3 A TEORIA DA PERDA DE UMA CHANCE E A RESPONSABILIDA CIVIL

3.2 Pressupostos da responsabilidade civil

Para uma melhor compreensão, antes de aprofundar-se no tema da responsabilidade civil pela perda de uma chance, escopo do presente trabalho, é fundamental perpassar-se os conceitos e elementos básicos da responsabilidade civil.

Inicialmente, conforme explica Gonçalves (2017, p. 39, grifo do autor): “A palavra ‘responsabilidade’ origina-se do latim respondere, que encerra a ideia de segurança ou garantia da restituição ou compensação do bem sacrificado. Teria, assim, o significado de recomposição, de obrigação de restituir ou ressarcir.”
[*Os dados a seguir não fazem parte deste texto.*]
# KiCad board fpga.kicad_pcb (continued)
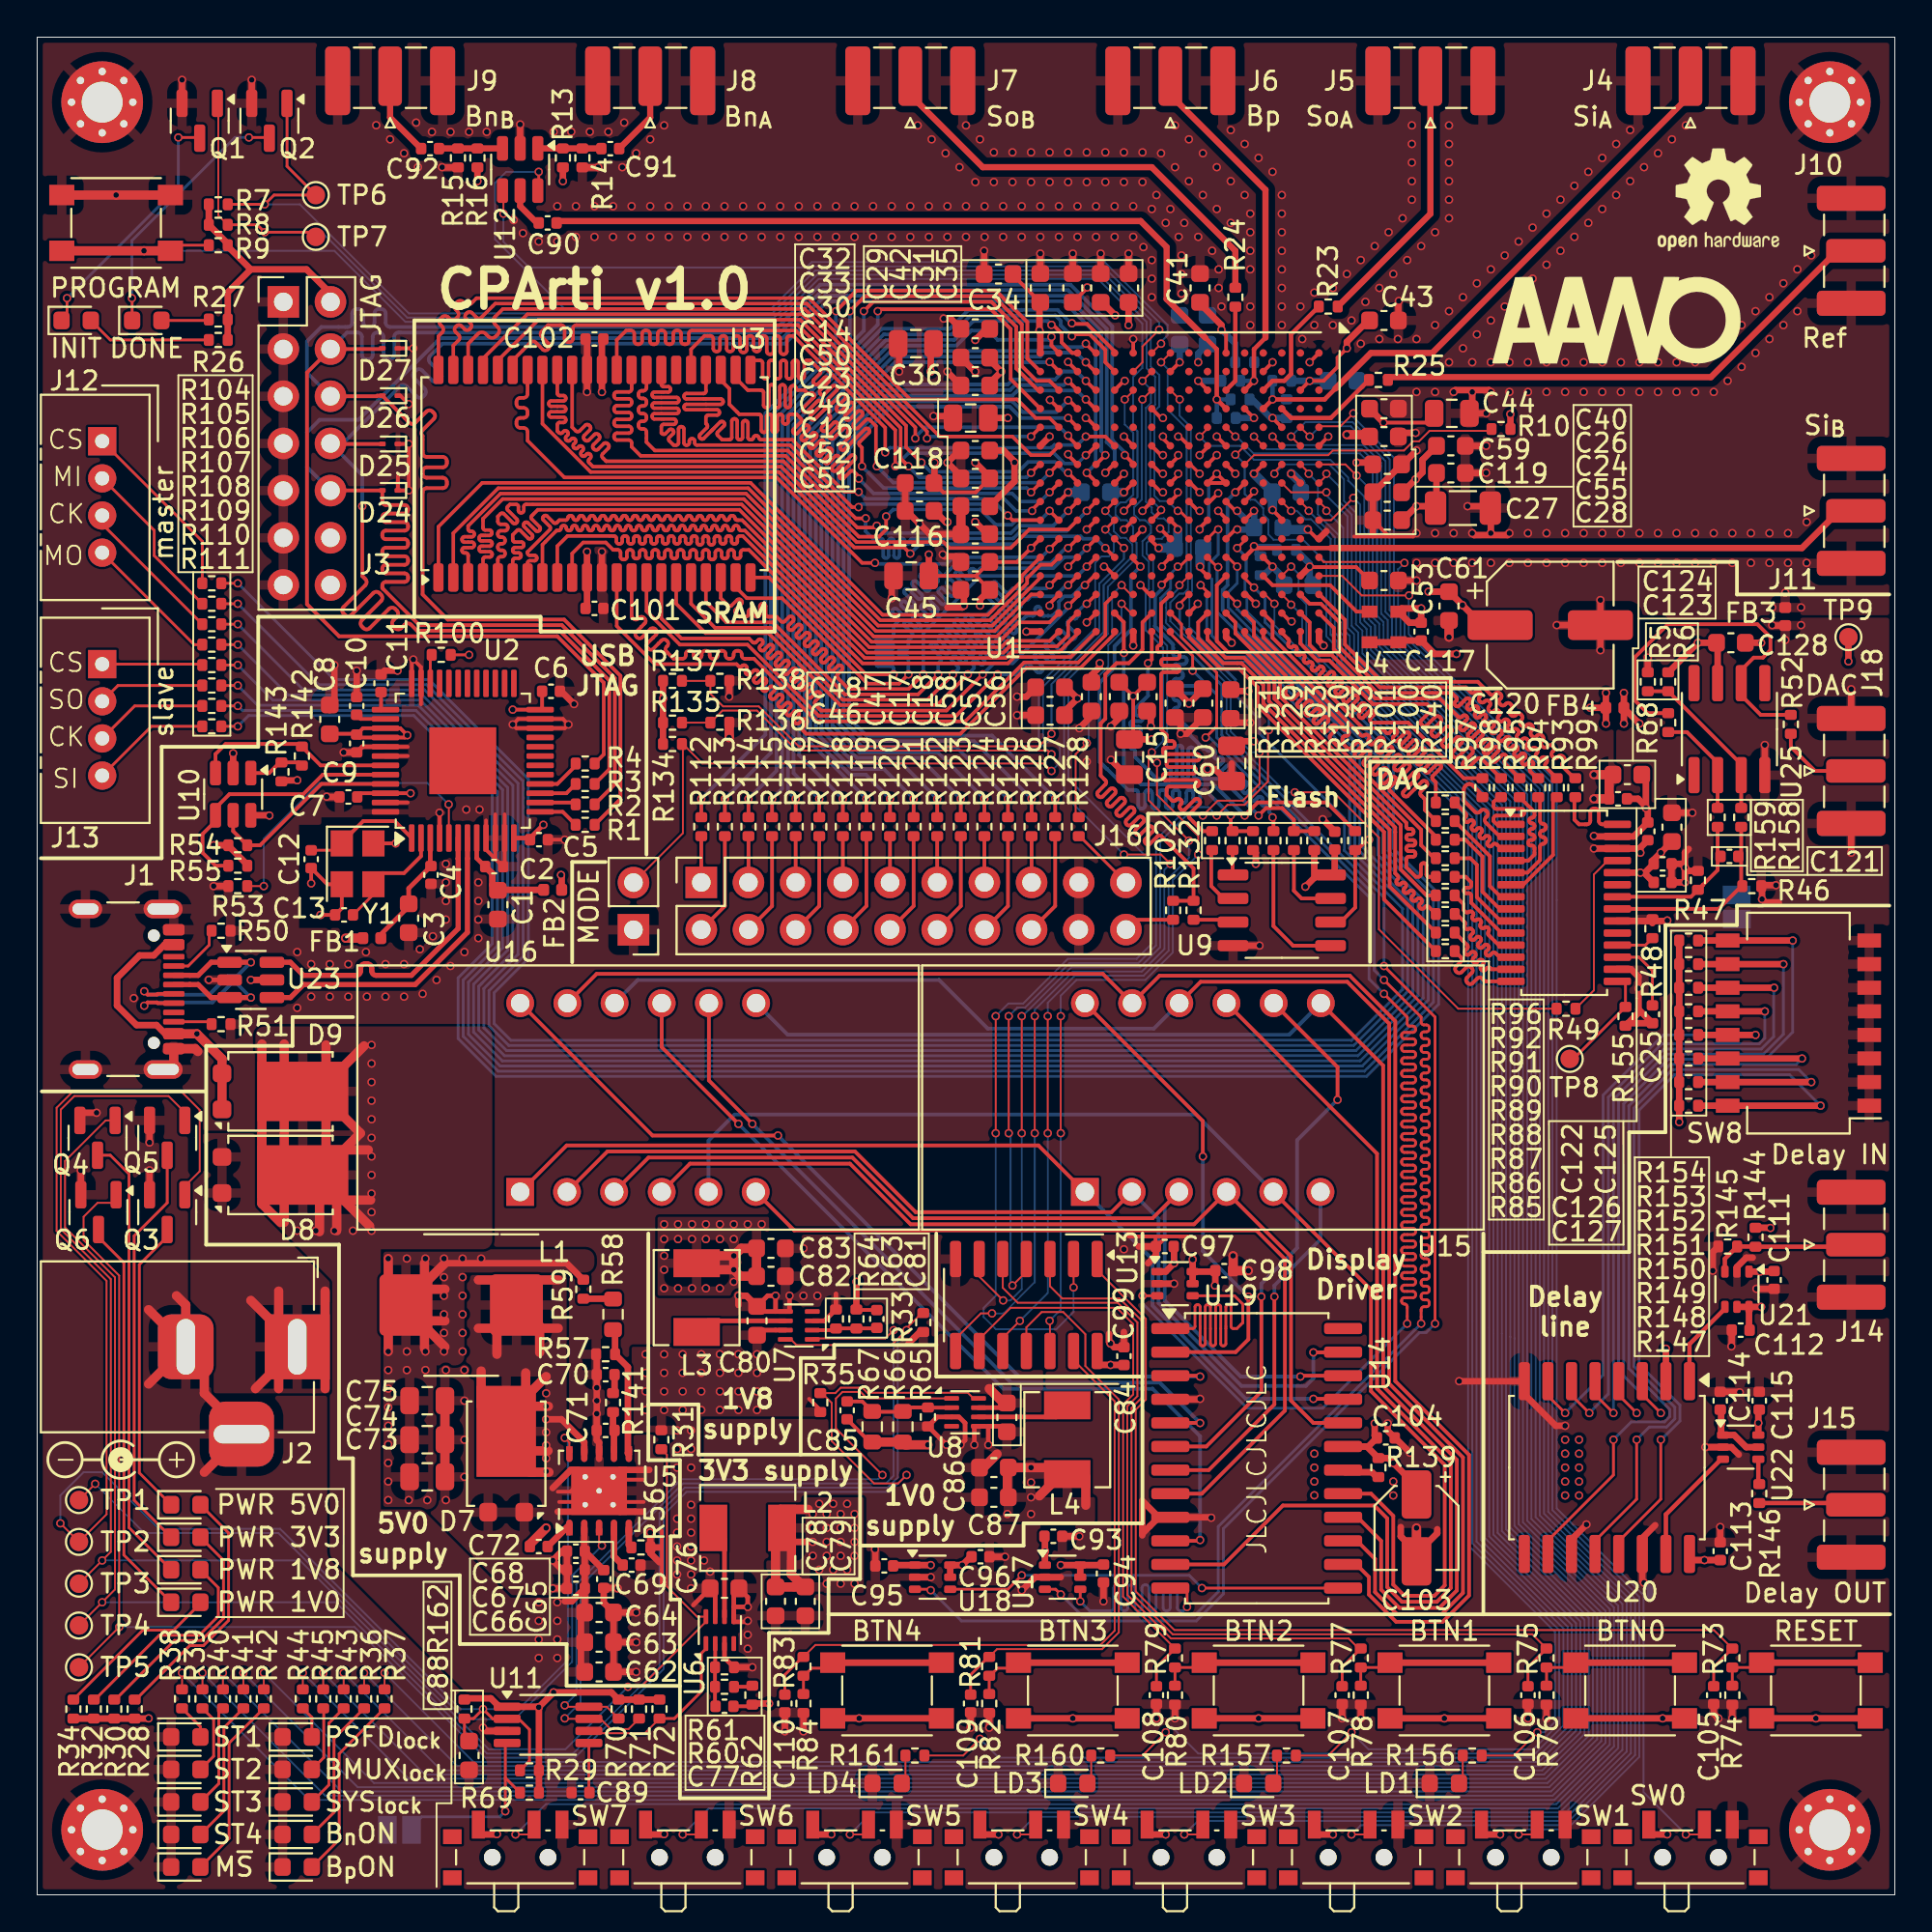
[diagram p0: board, top side]
## Placement (name value [footprint] x y rotation side) (continued)
R141  16k9  [R_0402_1005Metric]  31 26.5 90 top
R142  2k  [R_0402_1005Metric]  14.25 61.3 90 top
R143  10k  [R_0402_1005Metric]  13.15 60.45 90 top
R144  100  [R_0402_1005Metric]  92.5 35.4 270 top
R145  100  [R_0402_1005Metric]  91 34.9 180 top
R146  0  [R_0402_1005Metric]  92.7 21.6 90 top
R147  10k  [R_0402_1005Metric]  88.9 42.48 180 top
R148  10k  [R_0402_1005Metric]  88.9 43.75 180 top
R149  10k  [R_0402_1005Metric]  88.9 45.02 180 top
R150  10k  [R_0402_1005Metric]  88.9 46.29 180 top
R151  10k  [R_0402_1005Metric]  88.9 47.56 180 top
R152  10k  [R_0402_1005Metric]  88.9 48.83 180 top
R153  10k  [R_0402_1005Metric]  88.9 50.1 180 top
R154  10k  [R_0402_1005Metric]  88.9 51.37 180 top
R155  10k  [R_0402_1005Metric]  85.5 47.29 90 top
R156  330R  [R_0402_1005Metric]  77.25 7.5 180 top
R157  330R  [R_0402_1005Metric]  67.25 7.5 180 top
R158  226  [R_0402_1005Metric]  91.73 58 90 top
R159  226  [R_0402_1005Metric]  90.46 58 90 top
R160  330R  [R_0402_1005Metric]  57.25 7.5 180 top
R161  330R  [R_0402_1005Metric]  47.25 7.5 180 top
R162  100k  [R_0402_1005Metric]  23 10 90 top
REF**  -  [OSHW-Logo2_7.3x6mm_SilkScreen]  90.5 91.25 0 top
REF**#2  -  [Symbol_Barrel_Polarity]  4.5 23.5 0 top
SW0  SW_SPDT  [SW_SPDT_PCM12]  89 2.35 0 top
SW1  SW_SPDT  [SW_SPDT_PCM12]  80 2.35 0 top
SW2  SW_SPDT  [SW_SPDT_PCM12]  71 2.35 0 top
SW3  SW_SPDT  [SW_SPDT_PCM12]  62 2.35 0 top
SW4  SW_SPDT  [SW_SPDT_PCM12]  53 2.35 0 top
SW5  SW_SPDT  [SW_SPDT_PCM12]  44 2.35 0 top
SW6  SW_SPDT  [SW_SPDT_PCM12]  35 2.35 0 top
SW7  SW_SPDT  [SW_SPDT_PCM12]  26 2.35 0 top
SW8  SW_DIP_x08  [SW_DIP_SPSTx08_Slide_KingTek_DSHP08TS_W7.62mm_P1.27mm]  94.81 46.92 180 top
TP1  TestPoint  [TestPoint_Pad_D1.0mm]  2.25 21.25 0 top
TP2  TestPoint  [TestPoint_Pad_D1.0mm]  2.25 19 0 top
TP3  TestPoint  [TestPoint_Pad_D1.0mm]  2.25 16.75 180 top
TP4  TestPoint  [TestPoint_Pad_D1.0mm]  2.25 14.5 0 top
TP5  TestPoint  [TestPoint_Pad_D1.0mm]  2.25 12.25 0 top
TP6  TestPoint  [TestPoint_Pad_D1.0mm]  15 91.5 0 top
TP7  TestPoint  [TestPoint_Pad_D1.0mm]  15 89.25 0 top
TP8  TestPoint  [TestPoint_Pad_D1.0mm]  82.5 45 0 top
TP9  TestPoint  [TestPoint_Pad_D1.0mm]  97.5 67.7 0 top
U1  XC7A50T-FTG256  [Xilinx_FTG256]  61.5 75.5 270 top
U2  FT232H  [LQFP-48-1EP_7x7mm_P0.5mm_EP3.6x3.6mm]  22.91 61.05 90 top
U3  IS61WV25616EDBLL  [TSOP-II-44_10.16x18.41mm_P0.8mm]  30 76.5 90 top
U4  ASDM1-24MHz  [Oscillator_SMD_Abracon_ASDMB-4Pin_2.5x2.0mm]  72.5 68.25 90 top
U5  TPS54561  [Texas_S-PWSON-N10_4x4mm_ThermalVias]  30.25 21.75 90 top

Sob sua ótica, Diniz (2008, p. 33, grifo do autor) refere que “O vocábulo ‘responsabilidade’ é oriundo do verbo latino respondere, designando o fato de ter alguém se constituído garantidor de algo. Tal termo contém, portanto, a raiz latina spondeo, fórmula pela qual se vincula, no direito romano, o devedor nos contratos verbais.” Nessa perspectiva, “nota-

se que a responsabilidade, desde o direito romano, era uma forma de garantir segurança nas relações jurídicas, já que o termo spondeo significa prometo.” (BERNARDINI, 2017, p. 19).

Ao retrocedermos na história encontramos o ponto de partida do instituto da responsabilidade civil no direito romano. Na antiguidade, vigia a vingança privada, a qual não guardava proporcionalidade entre o dano experimentado e a respectiva resposta, o que abria espaço para barbárie. Ao adentrarmos no período denominado de Talião, por meio da Lei das XII Tábuas (ano de 450 a.C.), houve uma tentativa em gerar proporcionalidade à penalização, embora em um contexto ainda muito retributivo. Com a crescente intervenção do poder público, a reparação do dano ganhou contornos de proporcionalidade, havendo a possibilidade de acordo entre a vítima e o ofensor, geralmente pela composição pecuniária:

Há, porém, ainda na própria lei mencionada, perspectivas da evolução do instituto, ao conceber a possibilidade de composição entre a vítima e o ofensor, evitando-se a aplicação da pena de Talião. Assim, em vez de impor que o autor de um dano a um membro do corpo sofra a mesma quebra por força de uma solução transacional, a vítima receberia, a seu critério e a título de poena, uma importância em dinheiro ou outros bens. (GAGLIANO; PAMPLONA FILHO, 2017a, p. 61).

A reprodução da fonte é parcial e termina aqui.